▶ **Task instructions**
Go through the material and copy each line that includes "Auto".

(Beginning of Material provided)

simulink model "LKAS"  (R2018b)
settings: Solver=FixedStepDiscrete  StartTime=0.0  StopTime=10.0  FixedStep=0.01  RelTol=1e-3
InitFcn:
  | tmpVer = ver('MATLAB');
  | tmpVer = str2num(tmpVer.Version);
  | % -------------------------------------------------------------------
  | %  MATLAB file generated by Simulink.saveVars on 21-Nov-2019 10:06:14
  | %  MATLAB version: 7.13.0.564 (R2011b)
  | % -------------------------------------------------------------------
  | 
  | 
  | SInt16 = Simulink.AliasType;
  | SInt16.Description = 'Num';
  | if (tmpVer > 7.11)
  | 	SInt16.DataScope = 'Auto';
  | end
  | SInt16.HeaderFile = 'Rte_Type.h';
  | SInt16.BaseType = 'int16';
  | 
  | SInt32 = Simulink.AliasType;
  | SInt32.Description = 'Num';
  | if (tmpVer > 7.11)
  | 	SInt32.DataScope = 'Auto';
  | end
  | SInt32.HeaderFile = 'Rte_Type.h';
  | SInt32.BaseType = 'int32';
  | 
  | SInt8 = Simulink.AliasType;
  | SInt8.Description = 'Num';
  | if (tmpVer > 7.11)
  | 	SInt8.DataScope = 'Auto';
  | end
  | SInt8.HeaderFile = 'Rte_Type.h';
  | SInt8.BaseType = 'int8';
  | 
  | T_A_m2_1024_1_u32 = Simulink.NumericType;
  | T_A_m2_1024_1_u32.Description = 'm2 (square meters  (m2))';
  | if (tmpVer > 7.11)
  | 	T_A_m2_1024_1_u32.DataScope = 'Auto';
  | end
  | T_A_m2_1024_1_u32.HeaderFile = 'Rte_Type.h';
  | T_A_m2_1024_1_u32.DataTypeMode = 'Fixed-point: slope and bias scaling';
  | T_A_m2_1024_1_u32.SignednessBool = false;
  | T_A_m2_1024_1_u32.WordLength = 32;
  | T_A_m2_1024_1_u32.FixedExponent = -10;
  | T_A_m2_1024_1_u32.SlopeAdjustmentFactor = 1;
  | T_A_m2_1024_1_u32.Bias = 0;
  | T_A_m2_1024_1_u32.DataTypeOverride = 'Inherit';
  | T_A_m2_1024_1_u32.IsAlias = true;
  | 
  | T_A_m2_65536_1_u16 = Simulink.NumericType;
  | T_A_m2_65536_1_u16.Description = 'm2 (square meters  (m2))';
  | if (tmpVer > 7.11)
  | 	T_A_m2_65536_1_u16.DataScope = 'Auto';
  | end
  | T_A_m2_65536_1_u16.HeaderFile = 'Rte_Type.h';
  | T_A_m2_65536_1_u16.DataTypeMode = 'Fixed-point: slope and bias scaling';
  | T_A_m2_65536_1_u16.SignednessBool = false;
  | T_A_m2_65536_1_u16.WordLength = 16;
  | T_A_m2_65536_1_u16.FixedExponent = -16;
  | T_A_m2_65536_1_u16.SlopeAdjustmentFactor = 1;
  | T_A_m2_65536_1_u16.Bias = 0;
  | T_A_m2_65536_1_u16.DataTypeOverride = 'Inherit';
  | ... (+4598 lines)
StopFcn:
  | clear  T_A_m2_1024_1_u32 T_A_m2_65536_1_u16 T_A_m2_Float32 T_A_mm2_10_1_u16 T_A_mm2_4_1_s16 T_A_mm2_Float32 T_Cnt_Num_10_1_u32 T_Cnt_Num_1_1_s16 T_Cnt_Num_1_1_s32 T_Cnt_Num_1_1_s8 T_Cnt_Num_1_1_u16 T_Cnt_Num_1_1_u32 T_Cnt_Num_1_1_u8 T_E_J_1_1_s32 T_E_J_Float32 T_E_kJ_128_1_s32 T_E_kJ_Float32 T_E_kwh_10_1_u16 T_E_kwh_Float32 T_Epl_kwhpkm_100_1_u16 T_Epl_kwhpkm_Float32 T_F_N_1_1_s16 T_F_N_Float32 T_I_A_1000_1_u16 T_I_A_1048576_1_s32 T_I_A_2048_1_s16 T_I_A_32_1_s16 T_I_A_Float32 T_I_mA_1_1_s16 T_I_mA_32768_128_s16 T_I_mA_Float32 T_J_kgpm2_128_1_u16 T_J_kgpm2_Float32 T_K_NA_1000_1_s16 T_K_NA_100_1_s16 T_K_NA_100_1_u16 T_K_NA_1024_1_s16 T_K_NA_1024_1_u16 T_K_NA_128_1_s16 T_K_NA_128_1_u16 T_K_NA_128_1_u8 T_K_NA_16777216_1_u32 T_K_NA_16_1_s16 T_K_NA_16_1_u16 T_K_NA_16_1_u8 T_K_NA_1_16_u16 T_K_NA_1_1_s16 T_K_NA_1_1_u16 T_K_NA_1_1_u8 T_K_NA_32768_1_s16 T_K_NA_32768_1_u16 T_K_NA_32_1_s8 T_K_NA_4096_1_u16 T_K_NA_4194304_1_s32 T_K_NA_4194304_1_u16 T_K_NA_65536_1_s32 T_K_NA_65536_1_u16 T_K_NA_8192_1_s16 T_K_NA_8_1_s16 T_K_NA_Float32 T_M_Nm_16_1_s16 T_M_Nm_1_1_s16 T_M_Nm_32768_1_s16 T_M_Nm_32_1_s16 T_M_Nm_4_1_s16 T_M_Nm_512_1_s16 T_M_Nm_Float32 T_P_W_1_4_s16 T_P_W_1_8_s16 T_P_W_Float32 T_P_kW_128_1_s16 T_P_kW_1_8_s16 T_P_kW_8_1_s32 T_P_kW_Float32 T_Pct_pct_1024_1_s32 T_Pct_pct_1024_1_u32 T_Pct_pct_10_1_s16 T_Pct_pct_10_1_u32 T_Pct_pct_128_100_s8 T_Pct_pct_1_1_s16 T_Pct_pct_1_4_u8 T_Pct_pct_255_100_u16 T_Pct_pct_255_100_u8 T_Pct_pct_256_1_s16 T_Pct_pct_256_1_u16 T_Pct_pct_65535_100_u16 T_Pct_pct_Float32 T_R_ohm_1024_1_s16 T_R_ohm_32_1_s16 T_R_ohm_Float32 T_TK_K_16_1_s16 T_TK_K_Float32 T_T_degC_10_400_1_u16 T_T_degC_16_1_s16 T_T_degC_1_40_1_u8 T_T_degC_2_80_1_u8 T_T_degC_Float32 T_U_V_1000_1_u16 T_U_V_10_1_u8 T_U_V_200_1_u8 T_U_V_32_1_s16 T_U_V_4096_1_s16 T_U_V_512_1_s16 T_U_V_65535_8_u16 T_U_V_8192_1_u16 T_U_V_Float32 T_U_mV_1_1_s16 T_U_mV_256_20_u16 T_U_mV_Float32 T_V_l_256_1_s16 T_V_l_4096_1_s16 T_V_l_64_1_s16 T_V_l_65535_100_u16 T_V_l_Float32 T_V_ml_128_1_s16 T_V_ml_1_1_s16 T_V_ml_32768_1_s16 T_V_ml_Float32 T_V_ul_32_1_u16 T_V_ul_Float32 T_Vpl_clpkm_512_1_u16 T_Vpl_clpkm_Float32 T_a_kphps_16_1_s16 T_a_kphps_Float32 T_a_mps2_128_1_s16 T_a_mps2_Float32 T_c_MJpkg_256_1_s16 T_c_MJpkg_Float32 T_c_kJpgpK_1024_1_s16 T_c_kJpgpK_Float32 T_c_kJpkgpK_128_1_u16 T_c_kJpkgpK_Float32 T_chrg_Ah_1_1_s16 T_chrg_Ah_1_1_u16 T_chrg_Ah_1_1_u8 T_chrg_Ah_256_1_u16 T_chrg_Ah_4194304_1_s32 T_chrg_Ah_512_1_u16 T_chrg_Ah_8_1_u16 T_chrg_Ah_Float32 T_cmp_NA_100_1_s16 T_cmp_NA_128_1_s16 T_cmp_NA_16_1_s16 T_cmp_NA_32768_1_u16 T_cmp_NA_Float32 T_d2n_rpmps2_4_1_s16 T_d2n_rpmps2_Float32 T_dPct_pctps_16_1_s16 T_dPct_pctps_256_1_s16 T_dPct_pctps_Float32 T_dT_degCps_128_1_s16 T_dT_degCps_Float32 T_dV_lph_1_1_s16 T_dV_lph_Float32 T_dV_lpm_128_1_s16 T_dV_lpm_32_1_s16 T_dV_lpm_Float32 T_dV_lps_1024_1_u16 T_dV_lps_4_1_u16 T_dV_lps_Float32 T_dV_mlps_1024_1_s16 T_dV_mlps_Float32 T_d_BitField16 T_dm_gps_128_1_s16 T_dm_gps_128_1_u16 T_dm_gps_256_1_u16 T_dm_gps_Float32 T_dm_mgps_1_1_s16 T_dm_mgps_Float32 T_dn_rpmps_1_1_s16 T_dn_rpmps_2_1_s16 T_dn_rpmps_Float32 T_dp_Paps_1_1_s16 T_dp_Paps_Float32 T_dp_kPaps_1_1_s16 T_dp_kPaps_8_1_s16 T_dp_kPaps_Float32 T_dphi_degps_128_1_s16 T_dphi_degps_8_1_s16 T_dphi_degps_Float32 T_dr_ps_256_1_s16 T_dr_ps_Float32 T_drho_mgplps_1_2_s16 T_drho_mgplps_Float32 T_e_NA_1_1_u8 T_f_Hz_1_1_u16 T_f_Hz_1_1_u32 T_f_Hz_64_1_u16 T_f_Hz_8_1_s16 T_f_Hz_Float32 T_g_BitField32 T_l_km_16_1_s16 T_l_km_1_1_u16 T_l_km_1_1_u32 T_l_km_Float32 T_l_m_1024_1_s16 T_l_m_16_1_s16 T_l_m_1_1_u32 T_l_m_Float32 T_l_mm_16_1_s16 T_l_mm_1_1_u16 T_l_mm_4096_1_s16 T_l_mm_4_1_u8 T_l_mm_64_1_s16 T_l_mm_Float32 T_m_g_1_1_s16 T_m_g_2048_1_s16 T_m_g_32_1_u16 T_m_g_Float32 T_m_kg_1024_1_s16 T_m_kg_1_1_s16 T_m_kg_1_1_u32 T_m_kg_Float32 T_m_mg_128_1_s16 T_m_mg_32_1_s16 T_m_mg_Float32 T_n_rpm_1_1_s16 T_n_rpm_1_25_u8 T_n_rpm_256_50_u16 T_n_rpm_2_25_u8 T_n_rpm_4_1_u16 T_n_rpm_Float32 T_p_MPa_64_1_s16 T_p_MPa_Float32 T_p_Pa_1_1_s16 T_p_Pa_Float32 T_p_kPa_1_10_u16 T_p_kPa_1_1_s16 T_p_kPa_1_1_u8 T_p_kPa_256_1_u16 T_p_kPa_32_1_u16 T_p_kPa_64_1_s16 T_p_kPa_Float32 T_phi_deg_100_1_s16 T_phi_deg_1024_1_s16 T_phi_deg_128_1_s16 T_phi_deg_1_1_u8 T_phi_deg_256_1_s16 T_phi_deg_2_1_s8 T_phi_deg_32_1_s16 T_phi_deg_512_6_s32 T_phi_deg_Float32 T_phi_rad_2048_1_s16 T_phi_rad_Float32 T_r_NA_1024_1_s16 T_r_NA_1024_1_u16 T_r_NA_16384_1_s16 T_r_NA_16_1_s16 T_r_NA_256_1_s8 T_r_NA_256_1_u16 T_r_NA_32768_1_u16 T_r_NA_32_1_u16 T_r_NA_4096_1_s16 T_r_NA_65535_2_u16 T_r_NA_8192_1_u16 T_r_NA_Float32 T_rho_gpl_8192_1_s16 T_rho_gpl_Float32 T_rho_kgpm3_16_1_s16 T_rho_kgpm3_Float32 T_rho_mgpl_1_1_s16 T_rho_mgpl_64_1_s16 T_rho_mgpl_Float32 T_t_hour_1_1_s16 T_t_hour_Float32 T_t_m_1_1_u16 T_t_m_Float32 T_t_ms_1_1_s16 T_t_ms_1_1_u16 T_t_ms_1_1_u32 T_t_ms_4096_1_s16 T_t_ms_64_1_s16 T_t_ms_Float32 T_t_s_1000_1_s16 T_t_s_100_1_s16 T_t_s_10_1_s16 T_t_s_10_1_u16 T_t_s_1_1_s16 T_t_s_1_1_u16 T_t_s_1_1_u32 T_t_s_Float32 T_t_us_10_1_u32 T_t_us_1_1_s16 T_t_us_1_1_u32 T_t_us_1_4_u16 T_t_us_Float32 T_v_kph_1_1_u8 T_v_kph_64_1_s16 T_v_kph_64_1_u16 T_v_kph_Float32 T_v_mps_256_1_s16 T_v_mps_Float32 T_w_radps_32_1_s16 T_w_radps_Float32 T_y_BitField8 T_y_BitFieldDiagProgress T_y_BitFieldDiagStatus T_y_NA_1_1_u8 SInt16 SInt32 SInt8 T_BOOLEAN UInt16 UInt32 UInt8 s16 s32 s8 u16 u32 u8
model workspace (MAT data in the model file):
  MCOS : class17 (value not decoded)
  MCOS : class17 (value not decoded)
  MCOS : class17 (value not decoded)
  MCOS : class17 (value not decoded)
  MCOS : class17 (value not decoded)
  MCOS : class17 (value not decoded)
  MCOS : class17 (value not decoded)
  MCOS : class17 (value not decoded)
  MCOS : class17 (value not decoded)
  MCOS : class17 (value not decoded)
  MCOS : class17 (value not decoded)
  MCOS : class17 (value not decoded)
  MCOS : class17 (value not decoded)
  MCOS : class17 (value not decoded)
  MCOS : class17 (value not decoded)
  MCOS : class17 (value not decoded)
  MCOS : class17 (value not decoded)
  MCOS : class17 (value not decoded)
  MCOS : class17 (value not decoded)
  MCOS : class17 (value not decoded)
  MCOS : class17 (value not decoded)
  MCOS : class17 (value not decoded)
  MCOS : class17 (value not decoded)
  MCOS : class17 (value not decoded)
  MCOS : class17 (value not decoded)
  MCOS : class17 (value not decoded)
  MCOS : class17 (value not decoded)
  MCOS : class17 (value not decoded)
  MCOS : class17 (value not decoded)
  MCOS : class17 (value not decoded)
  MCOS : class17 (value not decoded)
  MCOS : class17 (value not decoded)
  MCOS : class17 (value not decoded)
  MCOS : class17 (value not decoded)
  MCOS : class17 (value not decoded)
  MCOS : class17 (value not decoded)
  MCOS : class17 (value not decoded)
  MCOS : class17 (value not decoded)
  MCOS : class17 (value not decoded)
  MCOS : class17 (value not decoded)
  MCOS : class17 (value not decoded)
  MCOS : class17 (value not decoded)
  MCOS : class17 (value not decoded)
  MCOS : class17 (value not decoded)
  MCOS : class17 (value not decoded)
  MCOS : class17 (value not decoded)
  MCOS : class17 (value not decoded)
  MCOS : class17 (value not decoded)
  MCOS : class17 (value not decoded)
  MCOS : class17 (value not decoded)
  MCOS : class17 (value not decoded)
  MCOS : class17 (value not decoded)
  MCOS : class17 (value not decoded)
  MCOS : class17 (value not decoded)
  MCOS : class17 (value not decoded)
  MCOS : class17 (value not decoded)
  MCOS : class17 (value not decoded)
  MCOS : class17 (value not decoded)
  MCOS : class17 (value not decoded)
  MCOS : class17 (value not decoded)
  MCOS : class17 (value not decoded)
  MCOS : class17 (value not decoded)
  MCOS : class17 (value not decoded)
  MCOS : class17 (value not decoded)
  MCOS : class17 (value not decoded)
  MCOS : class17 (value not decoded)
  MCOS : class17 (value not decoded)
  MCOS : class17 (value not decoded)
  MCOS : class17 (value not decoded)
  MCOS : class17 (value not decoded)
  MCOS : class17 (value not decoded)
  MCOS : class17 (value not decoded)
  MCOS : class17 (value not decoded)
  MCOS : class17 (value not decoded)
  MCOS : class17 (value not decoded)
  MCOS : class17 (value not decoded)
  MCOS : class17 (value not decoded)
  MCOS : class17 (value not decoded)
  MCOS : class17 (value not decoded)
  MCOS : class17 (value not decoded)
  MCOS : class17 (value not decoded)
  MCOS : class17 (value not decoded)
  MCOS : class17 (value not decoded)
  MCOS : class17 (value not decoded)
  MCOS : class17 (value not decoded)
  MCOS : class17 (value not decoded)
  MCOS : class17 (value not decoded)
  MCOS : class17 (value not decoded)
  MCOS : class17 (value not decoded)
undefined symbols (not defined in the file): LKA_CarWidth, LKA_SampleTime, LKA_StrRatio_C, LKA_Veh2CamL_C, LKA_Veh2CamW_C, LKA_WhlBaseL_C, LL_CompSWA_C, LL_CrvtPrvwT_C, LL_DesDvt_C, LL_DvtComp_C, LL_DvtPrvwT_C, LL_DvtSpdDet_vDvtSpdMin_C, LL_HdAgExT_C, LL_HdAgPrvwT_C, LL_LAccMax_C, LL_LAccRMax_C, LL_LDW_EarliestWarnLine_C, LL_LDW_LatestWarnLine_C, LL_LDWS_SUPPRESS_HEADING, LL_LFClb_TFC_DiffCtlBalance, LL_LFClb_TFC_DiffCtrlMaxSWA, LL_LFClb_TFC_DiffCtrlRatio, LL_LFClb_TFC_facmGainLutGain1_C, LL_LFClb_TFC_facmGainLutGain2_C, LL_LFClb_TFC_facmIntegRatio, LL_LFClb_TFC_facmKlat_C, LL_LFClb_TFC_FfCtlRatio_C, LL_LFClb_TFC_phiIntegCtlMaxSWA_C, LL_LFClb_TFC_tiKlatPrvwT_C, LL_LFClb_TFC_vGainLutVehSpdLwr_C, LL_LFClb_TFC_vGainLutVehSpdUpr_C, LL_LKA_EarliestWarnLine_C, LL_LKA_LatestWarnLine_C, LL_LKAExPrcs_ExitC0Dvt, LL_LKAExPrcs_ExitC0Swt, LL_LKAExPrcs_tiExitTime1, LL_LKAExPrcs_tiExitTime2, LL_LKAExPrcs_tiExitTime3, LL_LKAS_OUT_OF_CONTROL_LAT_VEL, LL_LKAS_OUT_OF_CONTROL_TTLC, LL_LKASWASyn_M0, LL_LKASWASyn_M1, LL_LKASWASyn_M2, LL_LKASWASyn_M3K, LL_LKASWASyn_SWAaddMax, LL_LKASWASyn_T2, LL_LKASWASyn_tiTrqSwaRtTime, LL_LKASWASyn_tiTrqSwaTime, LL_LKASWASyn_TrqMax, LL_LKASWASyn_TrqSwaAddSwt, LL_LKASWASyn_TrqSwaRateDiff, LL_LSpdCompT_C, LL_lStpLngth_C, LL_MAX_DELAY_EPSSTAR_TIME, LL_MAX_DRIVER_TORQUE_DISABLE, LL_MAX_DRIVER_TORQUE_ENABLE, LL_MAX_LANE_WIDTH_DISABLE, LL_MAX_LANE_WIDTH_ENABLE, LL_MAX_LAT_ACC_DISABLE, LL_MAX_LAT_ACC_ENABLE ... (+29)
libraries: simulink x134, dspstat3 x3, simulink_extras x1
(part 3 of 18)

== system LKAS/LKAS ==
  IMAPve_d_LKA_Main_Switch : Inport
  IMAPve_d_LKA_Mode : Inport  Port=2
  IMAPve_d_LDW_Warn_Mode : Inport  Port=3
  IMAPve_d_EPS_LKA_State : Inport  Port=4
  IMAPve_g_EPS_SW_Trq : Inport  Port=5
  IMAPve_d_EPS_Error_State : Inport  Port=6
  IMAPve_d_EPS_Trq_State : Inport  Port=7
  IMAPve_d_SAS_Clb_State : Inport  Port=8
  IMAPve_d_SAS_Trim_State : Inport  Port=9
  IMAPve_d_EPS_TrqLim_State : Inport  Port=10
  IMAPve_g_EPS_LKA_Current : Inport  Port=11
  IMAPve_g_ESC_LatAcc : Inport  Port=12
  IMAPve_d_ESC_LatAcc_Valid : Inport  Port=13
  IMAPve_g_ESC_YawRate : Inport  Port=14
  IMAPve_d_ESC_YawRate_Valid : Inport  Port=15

(End of Material provided)

▶ **Task response**
  | 	SInt16.DataScope = 'Auto';
  | 	SInt32.DataScope = 'Auto';
  | 	SInt8.DataScope = 'Auto';
  | 	T_A_m2_1024_1_u32.DataScope = 'Auto';
  | 	T_A_m2_65536_1_u16.DataScope = 'Auto';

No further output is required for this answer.